◆ Task goal
Find the string "MFPDS" in the entries and copy each line that has it.
(Beginning of Material provided)
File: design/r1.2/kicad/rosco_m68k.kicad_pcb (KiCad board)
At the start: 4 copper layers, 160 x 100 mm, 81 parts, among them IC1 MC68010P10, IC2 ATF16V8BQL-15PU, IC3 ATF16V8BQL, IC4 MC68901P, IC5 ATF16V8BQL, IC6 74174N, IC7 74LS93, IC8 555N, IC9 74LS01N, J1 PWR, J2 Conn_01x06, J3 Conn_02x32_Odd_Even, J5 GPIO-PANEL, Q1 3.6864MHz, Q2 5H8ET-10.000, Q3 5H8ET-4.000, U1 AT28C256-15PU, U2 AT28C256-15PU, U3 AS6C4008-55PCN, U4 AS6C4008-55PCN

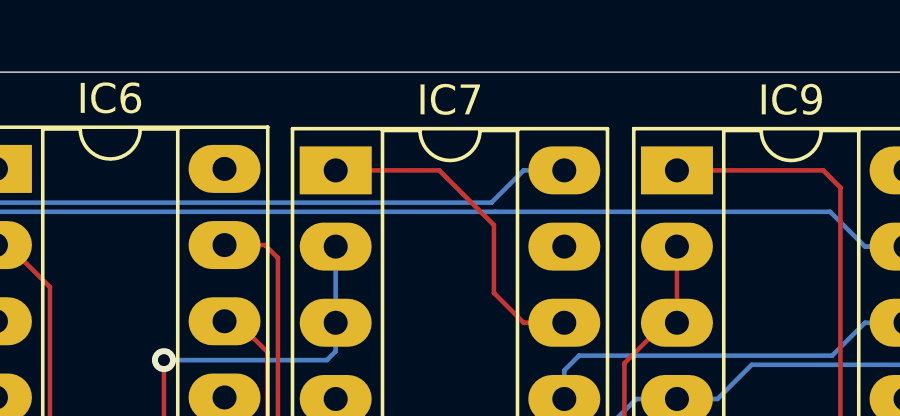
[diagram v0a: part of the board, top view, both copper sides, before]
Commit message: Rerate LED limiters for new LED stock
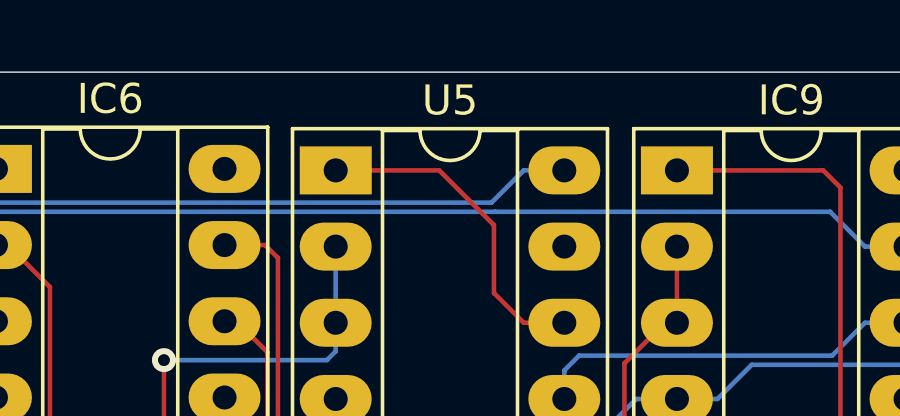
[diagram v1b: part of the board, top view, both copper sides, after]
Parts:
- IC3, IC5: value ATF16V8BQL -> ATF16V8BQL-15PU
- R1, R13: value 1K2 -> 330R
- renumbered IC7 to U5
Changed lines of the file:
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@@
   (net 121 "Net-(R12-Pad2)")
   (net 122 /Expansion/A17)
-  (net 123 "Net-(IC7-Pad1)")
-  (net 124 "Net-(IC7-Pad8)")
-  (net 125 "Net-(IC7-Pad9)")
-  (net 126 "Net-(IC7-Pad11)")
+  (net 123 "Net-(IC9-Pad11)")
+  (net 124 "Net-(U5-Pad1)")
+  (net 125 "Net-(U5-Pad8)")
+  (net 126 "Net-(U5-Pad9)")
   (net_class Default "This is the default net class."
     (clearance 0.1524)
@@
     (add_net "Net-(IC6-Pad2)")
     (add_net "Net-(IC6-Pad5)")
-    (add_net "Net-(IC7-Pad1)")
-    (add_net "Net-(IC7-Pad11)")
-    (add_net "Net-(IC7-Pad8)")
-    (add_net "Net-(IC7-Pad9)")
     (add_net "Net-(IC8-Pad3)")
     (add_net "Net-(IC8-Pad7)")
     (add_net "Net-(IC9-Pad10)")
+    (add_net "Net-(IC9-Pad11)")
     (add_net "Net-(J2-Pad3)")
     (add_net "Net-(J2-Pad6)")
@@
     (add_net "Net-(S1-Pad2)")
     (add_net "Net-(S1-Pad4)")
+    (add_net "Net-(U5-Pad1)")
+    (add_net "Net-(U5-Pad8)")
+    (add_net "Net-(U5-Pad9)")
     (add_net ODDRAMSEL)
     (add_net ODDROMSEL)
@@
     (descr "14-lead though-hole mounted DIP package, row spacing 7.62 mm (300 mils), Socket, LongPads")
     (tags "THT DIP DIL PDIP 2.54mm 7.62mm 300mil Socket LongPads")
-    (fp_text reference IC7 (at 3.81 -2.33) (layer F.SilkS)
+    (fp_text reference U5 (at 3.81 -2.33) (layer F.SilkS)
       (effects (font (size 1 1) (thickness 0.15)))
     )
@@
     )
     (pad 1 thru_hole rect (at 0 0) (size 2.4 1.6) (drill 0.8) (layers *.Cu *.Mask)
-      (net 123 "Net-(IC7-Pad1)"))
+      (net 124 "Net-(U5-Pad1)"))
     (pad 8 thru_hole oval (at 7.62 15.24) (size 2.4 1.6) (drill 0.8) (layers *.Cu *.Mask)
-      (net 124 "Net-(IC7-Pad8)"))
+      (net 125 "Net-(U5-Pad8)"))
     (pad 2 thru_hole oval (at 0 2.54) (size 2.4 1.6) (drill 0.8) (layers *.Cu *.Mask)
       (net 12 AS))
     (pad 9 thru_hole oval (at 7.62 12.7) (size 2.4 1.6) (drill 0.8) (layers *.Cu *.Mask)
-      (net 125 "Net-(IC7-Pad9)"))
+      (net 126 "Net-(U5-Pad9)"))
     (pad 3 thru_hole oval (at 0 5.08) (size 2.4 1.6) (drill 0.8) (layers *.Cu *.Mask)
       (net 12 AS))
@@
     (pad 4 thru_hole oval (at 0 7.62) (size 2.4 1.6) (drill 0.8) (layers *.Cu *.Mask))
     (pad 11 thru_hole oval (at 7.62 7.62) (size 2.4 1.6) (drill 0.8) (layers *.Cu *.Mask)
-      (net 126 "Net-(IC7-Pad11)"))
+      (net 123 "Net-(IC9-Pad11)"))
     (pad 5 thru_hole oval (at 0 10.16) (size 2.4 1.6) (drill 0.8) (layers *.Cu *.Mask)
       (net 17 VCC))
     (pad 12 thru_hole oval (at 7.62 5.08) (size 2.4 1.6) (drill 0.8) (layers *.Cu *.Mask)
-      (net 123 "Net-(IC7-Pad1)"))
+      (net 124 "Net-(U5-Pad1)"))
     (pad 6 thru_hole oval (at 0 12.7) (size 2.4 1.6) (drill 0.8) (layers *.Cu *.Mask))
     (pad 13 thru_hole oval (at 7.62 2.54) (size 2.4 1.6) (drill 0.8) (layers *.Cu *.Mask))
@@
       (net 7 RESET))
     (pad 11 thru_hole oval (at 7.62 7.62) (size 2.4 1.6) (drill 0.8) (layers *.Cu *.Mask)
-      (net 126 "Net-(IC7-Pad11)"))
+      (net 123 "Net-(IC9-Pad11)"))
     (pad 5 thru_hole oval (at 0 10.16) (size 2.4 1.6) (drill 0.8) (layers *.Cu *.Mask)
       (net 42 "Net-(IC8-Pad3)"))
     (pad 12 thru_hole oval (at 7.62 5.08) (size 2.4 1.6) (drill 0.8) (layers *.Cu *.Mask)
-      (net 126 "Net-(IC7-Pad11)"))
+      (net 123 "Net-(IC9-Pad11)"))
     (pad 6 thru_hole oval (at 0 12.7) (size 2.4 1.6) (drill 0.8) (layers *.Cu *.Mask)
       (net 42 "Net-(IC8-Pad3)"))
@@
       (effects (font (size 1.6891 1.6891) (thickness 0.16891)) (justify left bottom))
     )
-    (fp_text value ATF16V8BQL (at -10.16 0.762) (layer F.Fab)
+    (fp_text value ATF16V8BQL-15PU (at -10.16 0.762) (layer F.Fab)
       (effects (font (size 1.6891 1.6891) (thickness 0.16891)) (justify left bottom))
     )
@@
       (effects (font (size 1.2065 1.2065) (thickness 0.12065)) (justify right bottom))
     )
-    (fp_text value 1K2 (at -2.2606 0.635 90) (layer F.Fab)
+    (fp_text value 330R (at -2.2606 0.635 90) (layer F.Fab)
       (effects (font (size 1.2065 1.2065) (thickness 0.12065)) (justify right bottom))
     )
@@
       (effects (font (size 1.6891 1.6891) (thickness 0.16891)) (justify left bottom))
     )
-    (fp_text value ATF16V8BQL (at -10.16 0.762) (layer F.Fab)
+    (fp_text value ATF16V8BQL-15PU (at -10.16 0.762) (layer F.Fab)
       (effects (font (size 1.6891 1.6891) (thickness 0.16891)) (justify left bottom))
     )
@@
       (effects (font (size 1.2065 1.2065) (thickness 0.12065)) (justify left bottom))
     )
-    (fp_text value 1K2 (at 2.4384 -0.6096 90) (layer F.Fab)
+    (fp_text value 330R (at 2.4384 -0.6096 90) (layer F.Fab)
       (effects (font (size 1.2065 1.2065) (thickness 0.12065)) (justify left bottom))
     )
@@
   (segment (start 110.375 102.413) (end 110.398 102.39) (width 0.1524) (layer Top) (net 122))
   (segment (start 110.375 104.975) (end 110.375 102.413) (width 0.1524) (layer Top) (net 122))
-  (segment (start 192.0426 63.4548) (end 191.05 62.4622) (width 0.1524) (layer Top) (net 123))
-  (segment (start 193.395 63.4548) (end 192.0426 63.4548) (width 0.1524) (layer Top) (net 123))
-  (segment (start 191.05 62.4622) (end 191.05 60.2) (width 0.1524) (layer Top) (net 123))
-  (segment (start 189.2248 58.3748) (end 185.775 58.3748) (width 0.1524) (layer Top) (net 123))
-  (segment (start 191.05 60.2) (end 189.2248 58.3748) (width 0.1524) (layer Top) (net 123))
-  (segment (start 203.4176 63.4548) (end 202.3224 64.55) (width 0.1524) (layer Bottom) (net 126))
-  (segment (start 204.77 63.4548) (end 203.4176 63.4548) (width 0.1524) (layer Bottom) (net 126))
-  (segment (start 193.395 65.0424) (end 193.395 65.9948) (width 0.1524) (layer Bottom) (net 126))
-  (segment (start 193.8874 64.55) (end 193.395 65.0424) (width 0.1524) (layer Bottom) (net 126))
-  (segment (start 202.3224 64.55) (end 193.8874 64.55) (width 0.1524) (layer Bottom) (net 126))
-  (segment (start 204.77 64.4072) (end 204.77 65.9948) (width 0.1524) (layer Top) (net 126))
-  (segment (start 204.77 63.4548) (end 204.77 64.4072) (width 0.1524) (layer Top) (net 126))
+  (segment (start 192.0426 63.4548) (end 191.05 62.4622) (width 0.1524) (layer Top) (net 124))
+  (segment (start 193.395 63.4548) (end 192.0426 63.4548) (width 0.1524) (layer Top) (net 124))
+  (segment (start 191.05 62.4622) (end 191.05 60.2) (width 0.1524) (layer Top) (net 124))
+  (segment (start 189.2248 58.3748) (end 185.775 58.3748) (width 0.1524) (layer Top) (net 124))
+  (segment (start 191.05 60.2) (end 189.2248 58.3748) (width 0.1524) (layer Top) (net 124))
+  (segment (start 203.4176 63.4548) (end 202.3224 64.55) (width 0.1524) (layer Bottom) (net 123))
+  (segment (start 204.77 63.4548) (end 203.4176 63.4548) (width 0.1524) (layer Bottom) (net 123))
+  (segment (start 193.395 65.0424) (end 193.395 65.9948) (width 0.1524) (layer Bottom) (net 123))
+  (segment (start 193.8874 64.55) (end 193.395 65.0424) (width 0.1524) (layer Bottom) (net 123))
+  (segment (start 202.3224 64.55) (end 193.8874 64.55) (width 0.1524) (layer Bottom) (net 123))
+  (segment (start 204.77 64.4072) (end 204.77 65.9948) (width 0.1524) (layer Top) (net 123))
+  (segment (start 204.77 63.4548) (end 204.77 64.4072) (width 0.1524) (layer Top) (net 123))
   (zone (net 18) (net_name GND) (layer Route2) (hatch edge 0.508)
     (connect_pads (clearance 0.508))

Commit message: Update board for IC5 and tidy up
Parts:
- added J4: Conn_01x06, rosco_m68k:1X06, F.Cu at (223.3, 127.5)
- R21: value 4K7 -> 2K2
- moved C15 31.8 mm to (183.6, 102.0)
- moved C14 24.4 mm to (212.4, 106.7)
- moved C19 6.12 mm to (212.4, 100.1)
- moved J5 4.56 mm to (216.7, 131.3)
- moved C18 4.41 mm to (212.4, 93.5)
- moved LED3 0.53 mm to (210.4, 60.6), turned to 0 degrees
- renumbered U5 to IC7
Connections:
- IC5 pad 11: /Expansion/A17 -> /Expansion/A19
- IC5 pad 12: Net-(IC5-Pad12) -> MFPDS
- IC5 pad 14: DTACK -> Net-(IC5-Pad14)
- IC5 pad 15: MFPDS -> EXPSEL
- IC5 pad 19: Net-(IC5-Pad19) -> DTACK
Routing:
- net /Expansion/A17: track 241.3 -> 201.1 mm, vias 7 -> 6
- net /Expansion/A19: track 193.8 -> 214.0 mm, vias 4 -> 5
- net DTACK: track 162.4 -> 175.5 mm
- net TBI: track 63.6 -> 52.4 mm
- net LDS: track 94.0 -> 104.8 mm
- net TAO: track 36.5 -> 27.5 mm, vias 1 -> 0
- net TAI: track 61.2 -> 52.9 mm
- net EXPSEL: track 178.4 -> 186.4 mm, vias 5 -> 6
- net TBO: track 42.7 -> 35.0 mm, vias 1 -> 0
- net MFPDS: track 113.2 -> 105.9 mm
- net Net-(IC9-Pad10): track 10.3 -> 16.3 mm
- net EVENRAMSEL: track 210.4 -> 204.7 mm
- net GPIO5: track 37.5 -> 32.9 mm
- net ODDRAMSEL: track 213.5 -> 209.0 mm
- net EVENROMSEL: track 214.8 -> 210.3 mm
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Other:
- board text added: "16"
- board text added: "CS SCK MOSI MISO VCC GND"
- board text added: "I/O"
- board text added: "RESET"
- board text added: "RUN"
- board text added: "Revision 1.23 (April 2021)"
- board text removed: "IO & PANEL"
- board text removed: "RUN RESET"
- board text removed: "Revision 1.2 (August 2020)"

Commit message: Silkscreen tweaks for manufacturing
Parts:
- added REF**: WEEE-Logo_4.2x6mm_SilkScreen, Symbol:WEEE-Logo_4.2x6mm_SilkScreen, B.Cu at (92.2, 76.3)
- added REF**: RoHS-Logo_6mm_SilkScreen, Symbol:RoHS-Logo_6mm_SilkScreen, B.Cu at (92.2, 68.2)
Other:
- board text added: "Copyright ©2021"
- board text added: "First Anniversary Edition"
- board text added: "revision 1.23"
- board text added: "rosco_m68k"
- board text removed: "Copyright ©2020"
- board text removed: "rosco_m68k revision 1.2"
(End of Material provided)
◆ Solution below
- IC5 pad 12: Net-(IC5-Pad12) -> MFPDS
- IC5 pad 15: MFPDS -> EXPSEL
- net MFPDS: track 113.2 -> 105.9 mm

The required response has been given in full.